Problem statement
From the first line of the listing, copy each line exactly until you have included the line with "#1=APPLICATION_CONTEXT('core data for"; leave out the pictures.

Extracted information

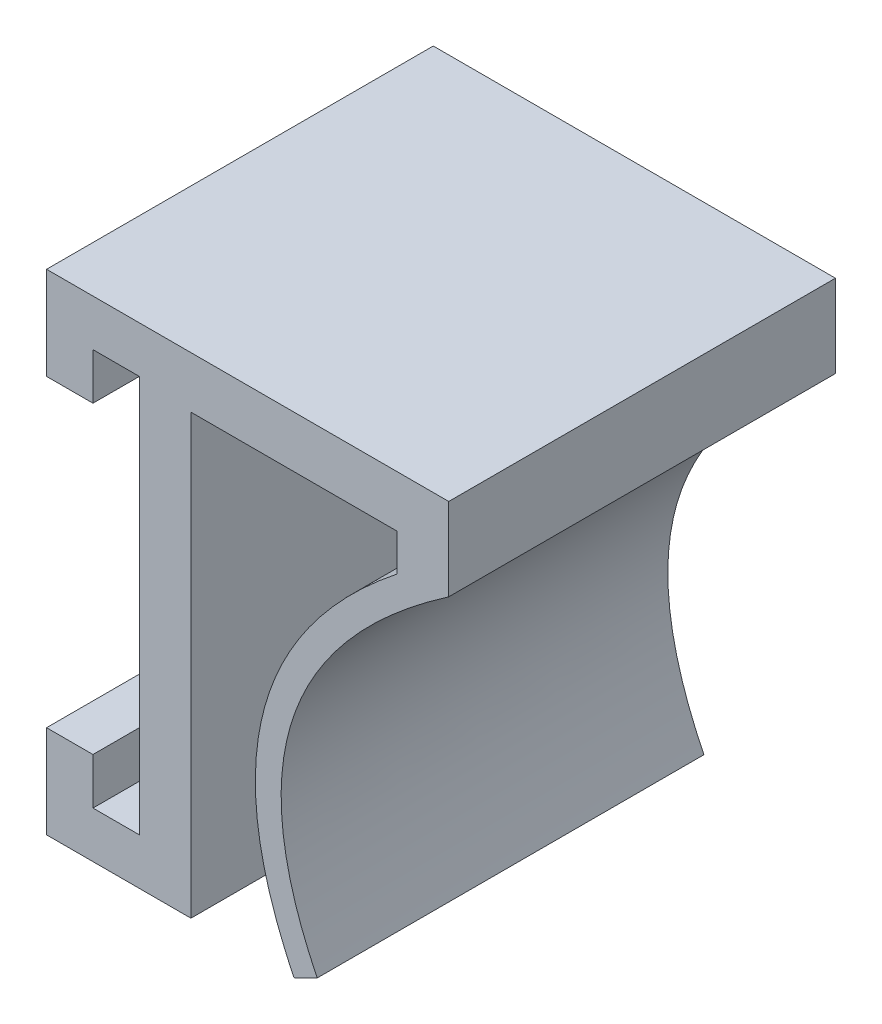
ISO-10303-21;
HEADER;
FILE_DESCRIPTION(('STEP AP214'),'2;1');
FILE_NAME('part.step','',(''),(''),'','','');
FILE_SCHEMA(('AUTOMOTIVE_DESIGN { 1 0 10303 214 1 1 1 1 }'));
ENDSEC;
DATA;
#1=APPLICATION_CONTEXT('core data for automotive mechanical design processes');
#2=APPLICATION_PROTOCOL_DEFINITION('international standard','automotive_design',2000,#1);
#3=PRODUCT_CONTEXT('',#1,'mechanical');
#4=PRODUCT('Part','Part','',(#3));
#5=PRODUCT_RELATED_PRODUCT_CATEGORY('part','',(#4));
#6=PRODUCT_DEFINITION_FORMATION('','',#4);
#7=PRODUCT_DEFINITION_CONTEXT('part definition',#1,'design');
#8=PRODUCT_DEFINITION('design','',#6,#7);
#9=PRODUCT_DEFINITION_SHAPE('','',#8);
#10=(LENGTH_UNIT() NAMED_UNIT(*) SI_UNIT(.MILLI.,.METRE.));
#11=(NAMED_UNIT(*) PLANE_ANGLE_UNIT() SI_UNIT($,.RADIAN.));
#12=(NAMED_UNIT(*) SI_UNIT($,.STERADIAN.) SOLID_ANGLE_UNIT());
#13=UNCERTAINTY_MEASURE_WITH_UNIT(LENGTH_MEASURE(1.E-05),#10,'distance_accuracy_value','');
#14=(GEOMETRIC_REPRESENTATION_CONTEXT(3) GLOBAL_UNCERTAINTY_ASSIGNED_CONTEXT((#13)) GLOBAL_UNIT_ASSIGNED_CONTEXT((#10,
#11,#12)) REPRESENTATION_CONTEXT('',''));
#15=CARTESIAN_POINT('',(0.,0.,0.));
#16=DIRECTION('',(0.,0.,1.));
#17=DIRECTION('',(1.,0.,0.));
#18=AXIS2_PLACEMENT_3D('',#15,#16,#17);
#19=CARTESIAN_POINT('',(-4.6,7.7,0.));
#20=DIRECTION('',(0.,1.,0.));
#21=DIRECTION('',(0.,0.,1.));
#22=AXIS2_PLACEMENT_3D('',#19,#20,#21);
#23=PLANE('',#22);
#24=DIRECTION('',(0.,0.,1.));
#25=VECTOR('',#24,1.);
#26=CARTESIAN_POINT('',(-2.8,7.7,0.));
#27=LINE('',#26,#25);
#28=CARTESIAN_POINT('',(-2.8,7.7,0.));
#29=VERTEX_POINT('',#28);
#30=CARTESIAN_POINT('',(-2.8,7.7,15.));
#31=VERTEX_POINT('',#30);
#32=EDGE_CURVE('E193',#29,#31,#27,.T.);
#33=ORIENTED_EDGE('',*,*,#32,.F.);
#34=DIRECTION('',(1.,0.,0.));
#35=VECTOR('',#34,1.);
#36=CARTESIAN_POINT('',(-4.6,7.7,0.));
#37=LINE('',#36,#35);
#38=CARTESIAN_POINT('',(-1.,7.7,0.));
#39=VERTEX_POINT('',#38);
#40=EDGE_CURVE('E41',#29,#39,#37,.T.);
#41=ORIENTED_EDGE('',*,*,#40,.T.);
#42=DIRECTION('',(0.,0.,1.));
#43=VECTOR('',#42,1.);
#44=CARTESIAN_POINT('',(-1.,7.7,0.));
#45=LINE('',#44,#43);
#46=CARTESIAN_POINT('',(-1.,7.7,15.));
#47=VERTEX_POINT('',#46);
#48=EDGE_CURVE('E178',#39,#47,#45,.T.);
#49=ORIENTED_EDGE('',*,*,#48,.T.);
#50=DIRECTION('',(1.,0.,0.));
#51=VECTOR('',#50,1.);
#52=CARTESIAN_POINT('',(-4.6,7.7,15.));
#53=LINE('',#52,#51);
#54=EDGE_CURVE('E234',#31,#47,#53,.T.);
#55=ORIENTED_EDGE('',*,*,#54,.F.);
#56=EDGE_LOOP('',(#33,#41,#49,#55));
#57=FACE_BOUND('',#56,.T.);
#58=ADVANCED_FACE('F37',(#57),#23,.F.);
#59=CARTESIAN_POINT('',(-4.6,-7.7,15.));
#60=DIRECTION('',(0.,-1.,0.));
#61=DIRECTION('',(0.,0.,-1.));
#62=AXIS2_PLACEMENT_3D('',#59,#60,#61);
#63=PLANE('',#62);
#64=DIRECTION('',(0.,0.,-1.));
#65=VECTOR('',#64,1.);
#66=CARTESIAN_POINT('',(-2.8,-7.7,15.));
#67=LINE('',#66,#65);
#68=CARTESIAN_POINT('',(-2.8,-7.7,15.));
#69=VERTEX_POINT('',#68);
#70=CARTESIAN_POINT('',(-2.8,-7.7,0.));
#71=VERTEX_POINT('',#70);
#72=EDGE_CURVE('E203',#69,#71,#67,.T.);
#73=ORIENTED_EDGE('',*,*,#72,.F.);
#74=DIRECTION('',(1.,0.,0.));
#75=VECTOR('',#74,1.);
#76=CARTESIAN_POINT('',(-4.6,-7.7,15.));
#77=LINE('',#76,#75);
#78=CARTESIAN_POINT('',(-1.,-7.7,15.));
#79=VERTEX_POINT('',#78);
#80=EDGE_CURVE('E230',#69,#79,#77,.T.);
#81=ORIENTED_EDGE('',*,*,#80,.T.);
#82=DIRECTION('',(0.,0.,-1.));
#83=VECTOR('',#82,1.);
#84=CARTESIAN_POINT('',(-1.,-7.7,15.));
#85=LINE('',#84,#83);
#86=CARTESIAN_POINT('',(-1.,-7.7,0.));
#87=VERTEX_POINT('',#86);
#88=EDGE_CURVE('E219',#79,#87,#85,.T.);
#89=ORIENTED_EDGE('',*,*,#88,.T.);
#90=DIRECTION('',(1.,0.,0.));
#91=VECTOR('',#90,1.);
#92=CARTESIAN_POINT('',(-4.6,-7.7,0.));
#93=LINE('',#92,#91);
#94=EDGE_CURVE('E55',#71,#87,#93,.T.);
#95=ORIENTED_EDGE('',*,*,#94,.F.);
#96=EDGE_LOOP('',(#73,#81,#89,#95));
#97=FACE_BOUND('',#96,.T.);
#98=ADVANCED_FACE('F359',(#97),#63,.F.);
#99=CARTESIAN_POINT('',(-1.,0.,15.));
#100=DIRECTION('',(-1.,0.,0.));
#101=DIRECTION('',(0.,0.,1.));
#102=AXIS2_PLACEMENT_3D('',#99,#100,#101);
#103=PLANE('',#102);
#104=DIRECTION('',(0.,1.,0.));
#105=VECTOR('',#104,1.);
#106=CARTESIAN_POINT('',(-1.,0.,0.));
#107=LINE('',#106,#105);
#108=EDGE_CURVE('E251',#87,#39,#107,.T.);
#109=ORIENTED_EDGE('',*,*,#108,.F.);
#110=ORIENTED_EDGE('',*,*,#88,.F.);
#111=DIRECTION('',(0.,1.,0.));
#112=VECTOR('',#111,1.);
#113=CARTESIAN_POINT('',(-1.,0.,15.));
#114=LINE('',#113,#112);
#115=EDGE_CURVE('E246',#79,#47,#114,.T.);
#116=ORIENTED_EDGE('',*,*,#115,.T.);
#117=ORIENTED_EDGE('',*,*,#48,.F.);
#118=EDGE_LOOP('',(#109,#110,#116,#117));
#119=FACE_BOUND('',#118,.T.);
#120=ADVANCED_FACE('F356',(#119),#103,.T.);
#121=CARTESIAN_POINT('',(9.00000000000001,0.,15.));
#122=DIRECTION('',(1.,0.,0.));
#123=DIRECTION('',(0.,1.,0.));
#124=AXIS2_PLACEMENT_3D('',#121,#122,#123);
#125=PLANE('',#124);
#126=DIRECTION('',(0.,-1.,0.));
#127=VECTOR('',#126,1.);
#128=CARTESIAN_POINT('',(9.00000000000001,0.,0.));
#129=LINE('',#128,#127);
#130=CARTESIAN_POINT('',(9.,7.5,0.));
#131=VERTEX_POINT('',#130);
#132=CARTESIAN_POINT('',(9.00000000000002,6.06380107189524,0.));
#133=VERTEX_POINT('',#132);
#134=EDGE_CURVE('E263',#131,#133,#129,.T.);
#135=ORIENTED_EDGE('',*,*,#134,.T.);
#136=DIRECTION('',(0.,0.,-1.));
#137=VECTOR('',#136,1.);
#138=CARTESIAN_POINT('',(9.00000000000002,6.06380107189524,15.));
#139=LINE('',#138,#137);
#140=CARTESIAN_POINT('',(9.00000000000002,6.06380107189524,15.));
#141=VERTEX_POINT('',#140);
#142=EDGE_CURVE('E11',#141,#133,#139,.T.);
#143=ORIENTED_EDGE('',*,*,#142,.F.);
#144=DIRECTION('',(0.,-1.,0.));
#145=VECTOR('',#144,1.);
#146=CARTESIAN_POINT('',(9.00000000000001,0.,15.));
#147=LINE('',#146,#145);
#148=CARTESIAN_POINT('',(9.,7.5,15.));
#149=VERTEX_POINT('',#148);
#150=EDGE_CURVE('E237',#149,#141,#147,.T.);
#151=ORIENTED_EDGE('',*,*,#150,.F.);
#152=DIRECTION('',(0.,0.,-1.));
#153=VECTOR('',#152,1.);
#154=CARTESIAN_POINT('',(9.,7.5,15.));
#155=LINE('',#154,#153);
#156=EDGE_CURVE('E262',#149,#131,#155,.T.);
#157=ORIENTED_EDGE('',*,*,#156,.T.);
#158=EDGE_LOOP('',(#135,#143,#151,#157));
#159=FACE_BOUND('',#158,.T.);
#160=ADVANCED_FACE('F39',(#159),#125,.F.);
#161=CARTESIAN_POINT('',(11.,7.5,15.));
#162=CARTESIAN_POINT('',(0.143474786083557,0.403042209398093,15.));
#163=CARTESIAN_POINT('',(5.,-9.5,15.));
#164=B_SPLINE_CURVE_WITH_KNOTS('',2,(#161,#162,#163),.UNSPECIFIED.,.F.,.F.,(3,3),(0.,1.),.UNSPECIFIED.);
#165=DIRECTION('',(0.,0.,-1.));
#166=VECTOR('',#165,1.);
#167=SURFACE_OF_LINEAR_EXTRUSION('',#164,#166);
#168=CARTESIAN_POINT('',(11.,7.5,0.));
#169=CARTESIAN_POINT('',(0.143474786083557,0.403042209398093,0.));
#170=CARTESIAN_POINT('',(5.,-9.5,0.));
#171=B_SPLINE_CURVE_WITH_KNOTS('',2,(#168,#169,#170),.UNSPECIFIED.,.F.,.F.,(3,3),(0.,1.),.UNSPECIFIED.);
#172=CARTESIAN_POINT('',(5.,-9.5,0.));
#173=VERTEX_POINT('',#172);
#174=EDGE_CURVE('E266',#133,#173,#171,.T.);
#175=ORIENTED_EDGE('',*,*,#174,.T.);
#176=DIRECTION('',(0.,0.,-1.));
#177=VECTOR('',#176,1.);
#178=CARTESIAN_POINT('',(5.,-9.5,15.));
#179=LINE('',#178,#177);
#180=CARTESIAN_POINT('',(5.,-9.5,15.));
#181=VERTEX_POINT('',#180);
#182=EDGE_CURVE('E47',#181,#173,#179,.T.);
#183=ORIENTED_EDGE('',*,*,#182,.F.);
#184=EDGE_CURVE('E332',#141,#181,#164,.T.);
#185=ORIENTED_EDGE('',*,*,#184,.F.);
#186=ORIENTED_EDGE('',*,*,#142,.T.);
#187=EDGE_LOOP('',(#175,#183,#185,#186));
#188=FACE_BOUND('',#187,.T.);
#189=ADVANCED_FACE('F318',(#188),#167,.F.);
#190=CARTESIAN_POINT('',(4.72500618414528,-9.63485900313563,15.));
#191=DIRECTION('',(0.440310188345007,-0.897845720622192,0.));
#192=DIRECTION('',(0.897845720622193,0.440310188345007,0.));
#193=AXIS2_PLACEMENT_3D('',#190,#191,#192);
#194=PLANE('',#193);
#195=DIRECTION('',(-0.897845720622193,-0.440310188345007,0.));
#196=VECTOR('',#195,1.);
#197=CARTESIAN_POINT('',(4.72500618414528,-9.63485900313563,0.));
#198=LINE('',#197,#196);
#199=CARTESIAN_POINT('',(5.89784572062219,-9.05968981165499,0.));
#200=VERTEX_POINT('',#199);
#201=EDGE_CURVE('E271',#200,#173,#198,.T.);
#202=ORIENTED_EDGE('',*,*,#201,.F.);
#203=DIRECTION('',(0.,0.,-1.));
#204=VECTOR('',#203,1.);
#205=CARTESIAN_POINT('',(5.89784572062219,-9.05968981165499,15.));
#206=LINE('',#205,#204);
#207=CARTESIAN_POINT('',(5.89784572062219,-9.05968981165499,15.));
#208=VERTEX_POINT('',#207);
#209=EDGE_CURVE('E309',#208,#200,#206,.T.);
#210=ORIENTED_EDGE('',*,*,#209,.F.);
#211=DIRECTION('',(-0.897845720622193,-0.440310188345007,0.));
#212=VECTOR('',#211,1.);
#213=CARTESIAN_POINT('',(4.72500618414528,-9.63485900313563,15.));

Reply
ISO-10303-21;
HEADER;
FILE_DESCRIPTION(('STEP AP214'),'2;1');
FILE_NAME('part.step','',(''),(''),'','','');
FILE_SCHEMA(('AUTOMOTIVE_DESIGN { 1 0 10303 214 1 1 1 1 }'));
ENDSEC;
DATA;
#1=APPLICATION_CONTEXT('core data for automotive mechanical design processes');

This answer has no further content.